What you are asked to do:
Return, word for word, only the lines of the data below that lie between the line with "world_world.sun_shadow_jitter_overblur = 0.0" and the line with "me_cylinder = bpy.data.meshes.new('Cylinder')", those two lines included.

Supplied entries:
╭──
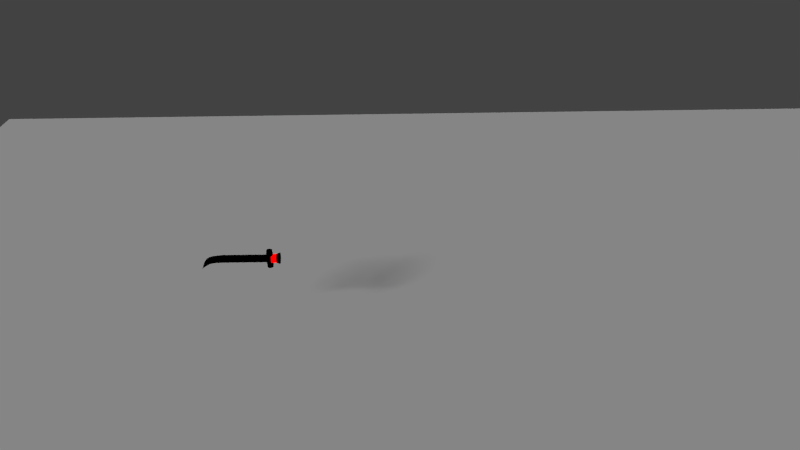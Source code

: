 # Source: laserschwert.blend  (saved by Blender 2.72.0; exported with 4.5.12 LTS)
import bpy
from mathutils import Matrix  # noqa: F401  (used for matrix-valued properties, if any)

bpy.ops.wm.read_factory_settings(use_empty=True)
scene = bpy.context.scene
scene.name = 'Scene'

# ---- collections
col_collection_1 = bpy.data.collections.new('Collection 1'); scene.collection.children.link(col_collection_1)

# ---- materials (node trees are filled in below, after node groups)
mat_wei = bpy.data.materials.new('weiß')
mat_wei.alpha_threshold = 0.0
mat_wei.roughness = 0.5
mat_wei.line_color = (0.0, 0.0, 0.0, 1.0)
mat_griff = bpy.data.materials.new('griff')
mat_griff.alpha_threshold = 0.0
mat_griff.roughness = 0.5
mat_griff.line_color = (0.0, 0.0, 0.0, 1.0)
mat_licht_rot = bpy.data.materials.new('licht-rot')
mat_licht_rot.alpha_threshold = 0.0
mat_licht_rot.roughness = 0.5
mat_licht_rot.line_color = (0.0, 0.0, 0.0, 1.0)
mat_licht_wei = bpy.data.materials.new('licht-weiß')
mat_licht_wei.alpha_threshold = 0.0
mat_licht_wei.roughness = 0.5
mat_licht_wei.line_color = (0.0, 0.0, 0.0, 1.0)

# ---- material node trees
mat_wei.use_nodes = True; mat_wei.node_tree.nodes.clear()
_N = mat_wei.node_tree.nodes; _L = mat_wei.node_tree.links
n0 = _N.new('ShaderNodeOutputMaterial'); n0.name = 'Material Output'; n0.location = (300, 300)
n1 = _N.new('ShaderNodeBsdfDiffuse'); n1.name = 'Diffuse BSDF'; n1.location = (100, 300)
n1.inputs[0].default_value = (0.448, 0.448, 0.448, 1.0)
_L.new(n1.outputs[0], n0.inputs[0])
n0.is_active_output = True
mat_griff.use_nodes = True; mat_griff.node_tree.nodes.clear()
_N = mat_griff.node_tree.nodes; _L = mat_griff.node_tree.links
n0 = _N.new('ShaderNodeOutputMaterial'); n0.name = 'Material Output'; n0.location = (300, 300)
n1 = _N.new('ShaderNodeBsdfDiffuse'); n1.name = 'Diffuse BSDF'; n1.location = (100, 300)
n1.inputs[0].default_value = (0.0, 0.0, 0.0, 1.0)
_L.new(n1.outputs[0], n0.inputs[0])
n0.is_active_output = True
mat_licht_rot.use_nodes = True; mat_licht_rot.node_tree.nodes.clear()
_N = mat_licht_rot.node_tree.nodes; _L = mat_licht_rot.node_tree.links
n0 = _N.new('ShaderNodeEmission'); n0.name = 'Emission'; n0.location = (110, 300)
n0.inputs[0].default_value = (1.0, 0.0, 0.0, 1.0)
n0.inputs[1].default_value = 2.5
n1 = _N.new('ShaderNodeBsdfTransparent'); n1.name = 'Transparent BSDF'; n1.location = (109, 395)
n2 = _N.new('ShaderNodeOutputMaterial'); n2.name = 'Material Output'; n2.location = (483, 346)
n3 = _N.new('ShaderNodeMixShader'); n3.name = 'Mix Shader'; n3.location = (306, 361)
_L.new(n0.outputs[0], n3.inputs[1])
_L.new(n3.outputs[0], n2.inputs[0])
_L.new(n1.outputs[0], n3.inputs[2])
n2.is_active_output = True
mat_licht_wei.use_nodes = True; mat_licht_wei.node_tree.nodes.clear()
_N = mat_licht_wei.node_tree.nodes; _L = mat_licht_wei.node_tree.links
n0 = _N.new('ShaderNodeOutputMaterial'); n0.name = 'Material Output'; n0.location = (300, 300)
n1 = _N.new('ShaderNodeEmission'); n1.name = 'Emission'; n1.location = (110, 300)
n1.inputs[0].default_value = (0.8, 0.8, 0.8, 1.0)
n1.inputs[1].default_value = 2.5
_L.new(n1.outputs[0], n0.inputs[0])
n0.is_active_output = True

# ---- world
world_world = bpy.data.worlds.new('World'); scene.world = world_world
world_world.color = (0.05497, 0.05497, 0.05497)
world_world.use_sun_shadow = False
world_world.sun_shadow_jitter_overblur = 0.0
world_world.cycles.sampling_method = 'MANUAL'
world_world.cycles.sample_map_resolution = 256

# ---- cameras
cam_camera_001 = bpy.data.cameras.new('Camera.001')
cam_camera_001.clip_end = 100.0
cam_camera_001.lens = 35.0
cam_camera_001.sensor_width = 32.0
cam_camera_001.sensor_height = 18.0
cam_camera_001.display_size = 2.0
cam_camera_001.dof.focus_distance = 0.0

# ---- lights
light_sun_001 = bpy.data.lights.new('Sun.001', 'SUN')
light_sun_001.transmission_factor = 0.0
light_sun_001.angle = 0.1993
light_sun_001.energy = 3.0
light_sun_001.shadow_buffer_clip_start = 0.5
light_sun_001.shadow_soft_size = 0.1
light_sun_001.shadow_cascade_max_distance = 1000.0
light_sun_001.cycles.use_multiple_importance_sampling = False

# ---- meshes
me_plane_004 = bpy.data.meshes.new('Plane.004')
me_plane_004.from_pydata([(-1.0, -1.0, 0.0), (1.0, -1.0, 0.0), (-1.0, 1.0, 0.0), (1.0, 1.0, 0.0)], [], [(0, 1, 3, 2)])
me_plane_004.materials.append(mat_wei)
me_plane_004.use_remesh_preserve_volume = False
me_plane_004.use_remesh_preserve_attributes = False
me_plane_004.use_mirror_vertex_groups = False
me_plane_004.update()
me_cylinder = bpy.data.meshes.new('Cylinder')
me_cylinder.from_pydata([(-1.255e-08, -1.659, -0.3982), (1.378e-07, 1.659, -0.4046), (0.09966, -1.659, -0.4018), (0.09626, 1.659, -0.4081), (0.1955, -1.659, -0.4125), (0.1888, 1.659, -0.4184), (0.2838, -1.659, -0.4298), (0.2741, 1.659, -0.4351), (0.3612, -1.659, -0.453), (0.3489, 1.659, -0.4576), (0.4248, -1.659, -0.4814), (0.4102, 1.659, -0.485), (0.472, -1.659, -0.5138), (0.4558, 1.659, -0.5162), (0.501, -1.659, -0.5489), (0.4839, 1.659, -0.5501), (0.5108, -1.659, -0.5854), (0.4934, 1.659, -0.5854), (0.501, -1.659, -0.6219), (0.4839, 1.659, -0.6207), (0.472, -1.659, -0.6571), (0.4558, 1.659, -0.6546), (0.4248, -1.659, -0.6894), (0.4102, 1.659, -0.6859), (0.3612, -1.659, -0.7178), (0.3489, 1.659, -0.7133), (0.2838, -1.659, -0.7411), (0.2741, 1.659, -0.7358), (0.1955, -1.659, -0.7584), (0.1888, 1.659, -0.7525), (0.09966, -1.659, -0.769), (0.09626, 1.659, -0.7627), (-2.619e-07, -1.659, -0.7726), (-1.029e-07, 1.659, -0.7662), (-0.09966, -1.659, -0.769), (-0.09626, 1.659, -0.7627), (-0.1955, -1.659, -0.7584), (-0.1888, 1.659, -0.7525), (-0.2838, -1.659, -0.7411), (-0.2741, 1.659, -0.7358), (-0.3612, -1.659, -0.7178), (-0.3489, 1.659, -0.7133), (-0.4248, -1.659, -0.6894), (-0.4102, 1.659, -0.6859), (-0.472, -1.659, -0.6571), (-0.4558, 1.659, -0.6546), (-0.501, -1.659, -0.6219), (-0.4839, 1.659, -0.6207), (-0.5108, -1.659, -0.5854), (-0.4934, 1.659, -0.5854), (-0.501, -1.659, -0.5489), (-0.4839, 1.659, -0.5501), (-0.472, -1.659, -0.5138), (-0.4558, 1.659, -0.5162), (-0.4248, -1.659, -0.4814), (-0.4102, 1.659, -0.485), (-0.3612, -1.659, -0.453), (-0.3489, 1.659, -0.4576), (-0.2838, -1.659, -0.4298), (-0.2741, 1.659, -0.4351), (-0.1955, -1.659, -0.4125), (-0.1888, 1.659, -0.4184), (-0.09966, -1.659, -0.4018), (-0.09625, 1.659, -0.4081), (1.042e-08, -0.7654, -0.368), (0.1157, -0.7654, -0.3722), (0.227, -0.7292, -0.3846), (0.3295, -0.6881, -0.4047), (0.4194, -0.6401, -0.4317), (0.4932, -0.5822, -0.4647), (0.548, -0.5328, -0.5022), (0.5818, -0.4961, -0.543), (0.5932, -0.4791, -0.5854), (0.5818, -0.4906, -0.6278), (0.548, -0.5362, -0.6686), (0.4932, -0.5832, -0.7062), (0.4194, -0.6389, -0.7391), (0.3295, -0.6933, -0.7662), (0.227, -0.7296, -0.7862), (0.1157, -0.7654, -0.7986), (-2.791e-07, -0.7654, -0.8028), (-0.1157, -0.7564, -0.7986), (-0.227, -0.7308, -0.7862), (-0.3295, -0.6877, -0.7662), (-0.4194, -0.6424, -0.7391), (-0.4932, -0.5814, -0.7062), (-0.548, -0.5347, -0.6686), (-0.5818, -0.4995, -0.6278), (-0.5932, -0.4769, -0.5854), (-0.5818, -0.4927, -0.543), (-0.548, -0.5393, -0.5022), (-0.4932, -0.5805, -0.4647), (-0.4194, -0.6423, -0.4317), (-0.3295, -0.6866, -0.4047), (-0.227, -0.7294, -0.3846), (-0.1157, -0.7532, -0.3722), (1.118e-07, 0.7683, -0.368), (0.1157, 0.7599, -0.3722), (0.227, 0.7335, -0.3846), (0.3295, 0.6854, -0.4047), (0.4194, 0.6428, -0.4317), (0.4932, 0.5876, -0.4647), (0.548, 0.537, -0.5022), (0.5818, 0.4958, -0.543), (0.5932, 0.479, -0.5854), (0.5818, 0.4879, -0.6278), (0.548, 0.5282, -0.6686), (0.4932, 0.5797, -0.7062), (0.4194, 0.6401, -0.7391), (0.3295, 0.6845, -0.7662), (0.227, 0.7314, -0.7862), (0.1157, 0.7588, -0.7986), (-1.777e-07, 0.7697, -0.8028), (-0.1157, 0.7576, -0.7986), (-0.227, 0.7316, -0.7862), (-0.3295, 0.6949, -0.7662), (-0.4194, 0.6432, -0.7391), (-0.4932, 0.5846, -0.7062), (-0.548, 0.5388, -0.6686), (-0.5818, 0.4951, -0.6278), (-0.5932, 0.4828, -0.5854), (-0.5818, 0.4924, -0.543), (-0.548, 0.5438, -0.5022), (-0.4932, 0.5746, -0.4647), (-0.4194, 0.6391, -0.4317), (-0.3295, 0.6872, -0.4047), (-0.227, 0.7334, -0.3846), (-0.1157, 0.7573, -0.3722), (1.543e-08, 0.7649, -1.009), (5.104e-08, 0.4552, 3.107), (0.1492, 0.7502, -1.009), (0.1238, 0.4431, 3.107), (0.2927, 0.7067, -1.009), (0.2429, 0.4073, 3.107), (0.425, 0.636, -1.009), (0.3526, 0.3493, 3.107), (0.5409, 0.5409, -1.009), (0.4488, 0.2711, 3.107), (0.636, 0.425, -1.009), (0.5278, 0.1758, 3.107), (0.7067, 0.2927, -1.009), (0.5864, 0.06717, 3.107), (0.7502, 0.1492, -1.009), (0.6225, -0.05075, 3.107), (0.7649, 1.298e-07, -1.009), (0.6347, -0.1734, 3.107), (0.7502, -0.1492, -1.009), (0.6225, -0.296, 3.107), (0.7067, -0.2927, -1.009), (0.5864, -0.4139, 3.107), (0.636, -0.425, -1.009), (0.5278, -0.5226, 3.107), (0.5409, -0.5409, -1.009), (0.4488, -0.6178, 3.107), (0.425, -0.636, -1.009), (0.3526, -0.696, 3.107), (0.2927, -0.7067, -1.009), (0.2429, -0.7541, 3.107), (0.1492, -0.7502, -1.009), (0.1238, -0.7898, 3.107), (-2.338e-07, -0.7649, -1.009), (-1.558e-07, -0.8019, 3.107), (-0.1492, -0.7502, -1.009), (-0.1238, -0.7898, 3.107), (-0.2927, -0.7067, -1.009), (-0.2429, -0.7541, 3.107), (-0.425, -0.636, -1.009), (-0.3526, -0.696, 3.107), (-0.5409, -0.5409, -1.009), (-0.4488, -0.6178, 3.107), (-0.636, -0.425, -1.009), (-0.5278, -0.5226, 3.107), (-0.7067, -0.2927, -1.009), (-0.5864, -0.4139, 3.107), (-0.7502, -0.1492, -1.009), (-0.6225, -0.296, 3.107), (-0.7649, 8.107e-07, -1.009), (-0.6347, -0.1734, 3.107), (-0.7502, 0.1492, -1.009), (-0.6225, -0.05074, 3.107), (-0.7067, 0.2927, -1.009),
╰──
Expected output:
world_world.sun_shadow_jitter_overblur = 0.0
world_world.cycles.sampling_method = 'MANUAL'
world_world.cycles.sample_map_resolution = 256

# ---- cameras
cam_camera_001 = bpy.data.cameras.new('Camera.001')
cam_camera_001.clip_end = 100.0
cam_camera_001.lens = 35.0
cam_camera_001.sensor_width = 32.0
cam_camera_001.sensor_height = 18.0
cam_camera_001.display_size = 2.0
cam_camera_001.dof.focus_distance = 0.0

# ---- lights
light_sun_001 = bpy.data.lights.new('Sun.001', 'SUN')
light_sun_001.transmission_factor = 0.0
light_sun_001.angle = 0.1993
light_sun_001.energy = 3.0
light_sun_001.shadow_buffer_clip_start = 0.5
light_sun_001.shadow_soft_size = 0.1
light_sun_001.shadow_cascade_max_distance = 1000.0
light_sun_001.cycles.use_multiple_importance_sampling = False

# ---- meshes
me_plane_004 = bpy.data.meshes.new('Plane.004')
me_plane_004.from_pydata([(-1.0, -1.0, 0.0), (1.0, -1.0, 0.0), (-1.0, 1.0, 0.0), (1.0, 1.0, 0.0)], [], [(0, 1, 3, 2)])
me_plane_004.materials.append(mat_wei)
me_plane_004.use_remesh_preserve_volume = False
me_plane_004.use_remesh_preserve_attributes = False
me_plane_004.use_mirror_vertex_groups = False
me_plane_004.update()
me_cylinder = bpy.data.meshes.new('Cylinder')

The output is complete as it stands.